*** RECORDS TO USE ***

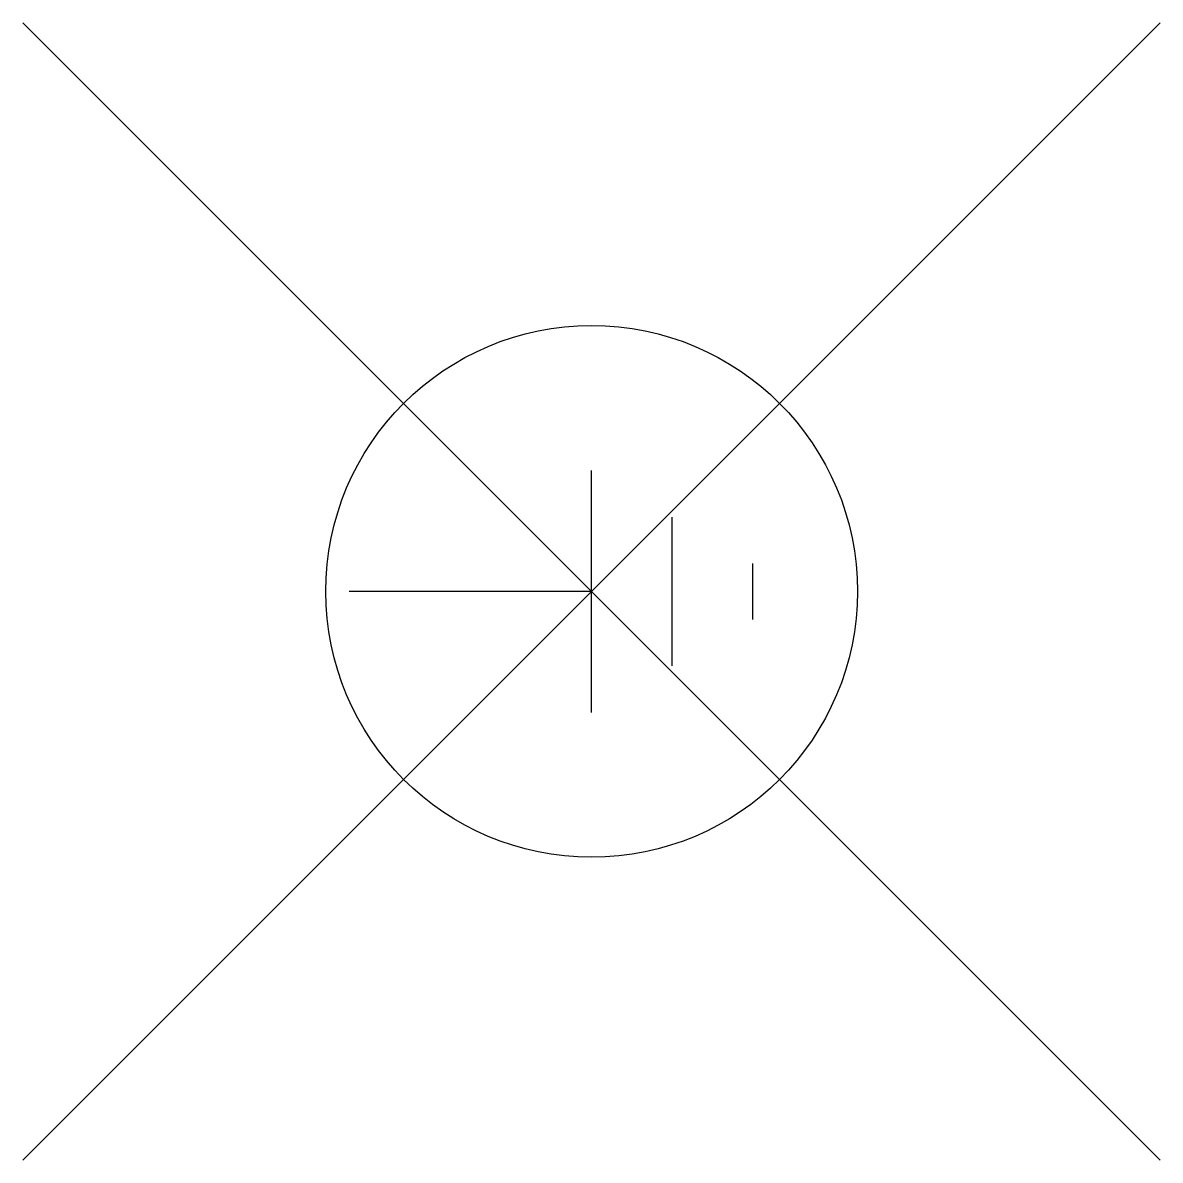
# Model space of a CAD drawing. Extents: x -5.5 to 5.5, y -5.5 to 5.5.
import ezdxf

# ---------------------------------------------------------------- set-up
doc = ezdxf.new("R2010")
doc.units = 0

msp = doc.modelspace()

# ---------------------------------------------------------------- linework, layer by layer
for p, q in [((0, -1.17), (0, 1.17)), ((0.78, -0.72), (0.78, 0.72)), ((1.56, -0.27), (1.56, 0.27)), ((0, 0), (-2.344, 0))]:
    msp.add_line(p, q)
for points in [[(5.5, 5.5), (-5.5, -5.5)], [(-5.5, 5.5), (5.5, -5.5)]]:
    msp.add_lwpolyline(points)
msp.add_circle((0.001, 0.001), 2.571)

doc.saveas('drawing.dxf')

*** End of RECORDS TO USE ***

### TASK TO CARRY OUT
Every line above that holds the string "points" should be returned.

### SOLUTION TO THE PROBLEM
for points in [[(5.5, 5.5), (-5.5, -5.5)], [(-5.5, 5.5), (5.5, -5.5)]]:
    msp.add_lwpolyline(points)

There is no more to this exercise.